YOUR TASK: Reproduce each line of the material exactly, minus any picture.

DATA EXTRACT:

┏━━

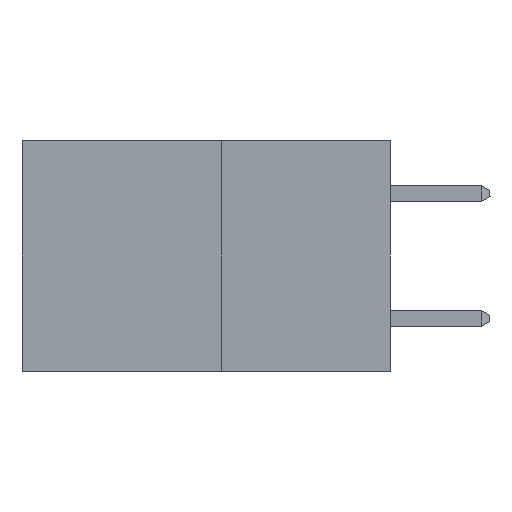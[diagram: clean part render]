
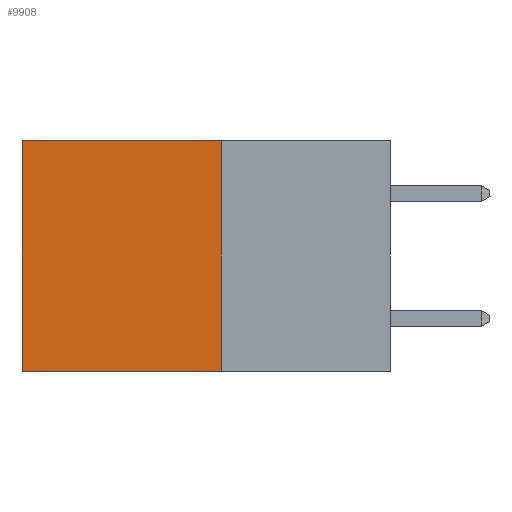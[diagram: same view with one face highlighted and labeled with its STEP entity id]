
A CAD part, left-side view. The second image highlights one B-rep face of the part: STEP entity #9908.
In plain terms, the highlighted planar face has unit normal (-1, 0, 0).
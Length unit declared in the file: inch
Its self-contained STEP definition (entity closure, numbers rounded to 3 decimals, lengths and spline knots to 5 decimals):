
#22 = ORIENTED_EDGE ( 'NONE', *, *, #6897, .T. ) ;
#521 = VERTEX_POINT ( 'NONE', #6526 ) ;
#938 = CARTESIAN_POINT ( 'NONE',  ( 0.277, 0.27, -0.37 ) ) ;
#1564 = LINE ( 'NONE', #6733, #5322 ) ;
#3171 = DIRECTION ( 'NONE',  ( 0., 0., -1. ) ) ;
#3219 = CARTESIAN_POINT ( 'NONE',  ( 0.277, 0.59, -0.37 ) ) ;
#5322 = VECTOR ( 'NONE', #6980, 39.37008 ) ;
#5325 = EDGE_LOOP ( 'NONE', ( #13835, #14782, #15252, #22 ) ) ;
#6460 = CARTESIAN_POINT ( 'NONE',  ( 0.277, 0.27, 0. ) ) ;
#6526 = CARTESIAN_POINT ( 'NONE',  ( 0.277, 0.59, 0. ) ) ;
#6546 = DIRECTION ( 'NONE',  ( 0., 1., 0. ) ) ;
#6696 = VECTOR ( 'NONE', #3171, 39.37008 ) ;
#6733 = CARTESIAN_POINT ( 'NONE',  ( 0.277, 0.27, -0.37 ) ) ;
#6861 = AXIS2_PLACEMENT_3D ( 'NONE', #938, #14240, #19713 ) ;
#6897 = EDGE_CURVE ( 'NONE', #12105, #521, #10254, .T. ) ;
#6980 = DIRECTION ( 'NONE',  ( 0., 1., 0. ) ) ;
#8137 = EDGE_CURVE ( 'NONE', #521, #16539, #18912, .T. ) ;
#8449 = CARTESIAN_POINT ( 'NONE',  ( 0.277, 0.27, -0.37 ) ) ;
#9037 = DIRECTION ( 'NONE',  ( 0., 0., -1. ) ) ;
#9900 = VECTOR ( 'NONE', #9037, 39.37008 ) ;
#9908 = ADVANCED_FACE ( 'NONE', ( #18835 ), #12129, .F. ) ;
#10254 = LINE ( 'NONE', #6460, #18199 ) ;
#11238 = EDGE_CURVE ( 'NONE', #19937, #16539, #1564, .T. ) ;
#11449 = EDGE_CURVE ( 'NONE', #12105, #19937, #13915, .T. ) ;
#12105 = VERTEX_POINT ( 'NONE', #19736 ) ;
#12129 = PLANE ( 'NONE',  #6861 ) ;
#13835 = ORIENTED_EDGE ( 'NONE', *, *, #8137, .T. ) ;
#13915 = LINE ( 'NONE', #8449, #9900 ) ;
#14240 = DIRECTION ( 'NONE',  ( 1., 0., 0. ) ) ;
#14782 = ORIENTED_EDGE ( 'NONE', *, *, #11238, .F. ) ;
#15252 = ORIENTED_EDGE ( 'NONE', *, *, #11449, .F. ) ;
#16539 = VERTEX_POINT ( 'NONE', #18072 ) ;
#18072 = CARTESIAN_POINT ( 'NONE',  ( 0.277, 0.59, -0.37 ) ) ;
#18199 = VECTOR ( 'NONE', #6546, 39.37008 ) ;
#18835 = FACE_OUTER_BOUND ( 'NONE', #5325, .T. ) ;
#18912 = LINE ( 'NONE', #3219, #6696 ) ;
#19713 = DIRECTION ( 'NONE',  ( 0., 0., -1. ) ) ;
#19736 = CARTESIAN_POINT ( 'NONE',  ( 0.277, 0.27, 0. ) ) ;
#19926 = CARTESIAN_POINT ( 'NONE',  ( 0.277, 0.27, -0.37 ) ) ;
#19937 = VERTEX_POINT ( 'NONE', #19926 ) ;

┗━━

EXERCISE RESPONSE:
[diagram: clean part render]
[diagram: same view with one face highlighted and labeled with its STEP entity id]
A CAD part, left-side view. The second image highlights one B-rep face of the part: STEP entity #9908.
In plain terms, the highlighted planar face has unit normal (-1, 0, 0).
Length unit declared in the file: inch
Its self-contained STEP definition (entity closure, numbers rounded to 3 decimals, lengths and spline knots to 5 decimals):
#22 = ORIENTED_EDGE ( 'NONE', *, *, #6897, .T. ) ;
#521 = VERTEX_POINT ( 'NONE', #6526 ) ;
#938 = CARTESIAN_POINT ( 'NONE',  ( 0.277, 0.27, -0.37 ) ) ;
#1564 = LINE ( 'NONE', #6733, #5322 ) ;
#3171 = DIRECTION ( 'NONE',  ( 0., 0., -1. ) ) ;
#3219 = CARTESIAN_POINT ( 'NONE',  ( 0.277, 0.59, -0.37 ) ) ;
#5322 = VECTOR ( 'NONE', #6980, 39.37008 ) ;
#5325 = EDGE_LOOP ( 'NONE', ( #13835, #14782, #15252, #22 ) ) ;
#6460 = CARTESIAN_POINT ( 'NONE',  ( 0.277, 0.27, 0. ) ) ;
#6526 = CARTESIAN_POINT ( 'NONE',  ( 0.277, 0.59, 0. ) ) ;
#6546 = DIRECTION ( 'NONE',  ( 0., 1., 0. ) ) ;
#6696 = VECTOR ( 'NONE', #3171, 39.37008 ) ;
#6733 = CARTESIAN_POINT ( 'NONE',  ( 0.277, 0.27, -0.37 ) ) ;
#6861 = AXIS2_PLACEMENT_3D ( 'NONE', #938, #14240, #19713 ) ;
#6897 = EDGE_CURVE ( 'NONE', #12105, #521, #10254, .T. ) ;
#6980 = DIRECTION ( 'NONE',  ( 0., 1., 0. ) ) ;
#8137 = EDGE_CURVE ( 'NONE', #521, #16539, #18912, .T. ) ;
#8449 = CARTESIAN_POINT ( 'NONE',  ( 0.277, 0.27, -0.37 ) ) ;
#9037 = DIRECTION ( 'NONE',  ( 0., 0., -1. ) ) ;
#9900 = VECTOR ( 'NONE', #9037, 39.37008 ) ;
#9908 = ADVANCED_FACE ( 'NONE', ( #18835 ), #12129, .F. ) ;
#10254 = LINE ( 'NONE', #6460, #18199 ) ;
#11238 = EDGE_CURVE ( 'NONE', #19937, #16539, #1564, .T. ) ;
#11449 = EDGE_CURVE ( 'NONE', #12105, #19937, #13915, .T. ) ;
#12105 = VERTEX_POINT ( 'NONE', #19736 ) ;
#12129 = PLANE ( 'NONE',  #6861 ) ;
#13835 = ORIENTED_EDGE ( 'NONE', *, *, #8137, .T. ) ;
#13915 = LINE ( 'NONE', #8449, #9900 ) ;
#14240 = DIRECTION ( 'NONE',  ( 1., 0., 0. ) ) ;
#14782 = ORIENTED_EDGE ( 'NONE', *, *, #11238, .F. ) ;
#15252 = ORIENTED_EDGE ( 'NONE', *, *, #11449, .F. ) ;
#16539 = VERTEX_POINT ( 'NONE', #18072 ) ;
#18072 = CARTESIAN_POINT ( 'NONE',  ( 0.277, 0.59, -0.37 ) ) ;
#18199 = VECTOR ( 'NONE', #6546, 39.37008 ) ;
#18835 = FACE_OUTER_BOUND ( 'NONE', #5325, .T. ) ;
#18912 = LINE ( 'NONE', #3219, #6696 ) ;
#19713 = DIRECTION ( 'NONE',  ( 0., 0., -1. ) ) ;
#19736 = CARTESIAN_POINT ( 'NONE',  ( 0.277, 0.27, 0. ) ) ;
#19926 = CARTESIAN_POINT ( 'NONE',  ( 0.277, 0.27, -0.37 ) ) ;
#19937 = VERTEX_POINT ( 'NONE', #19926 ) ;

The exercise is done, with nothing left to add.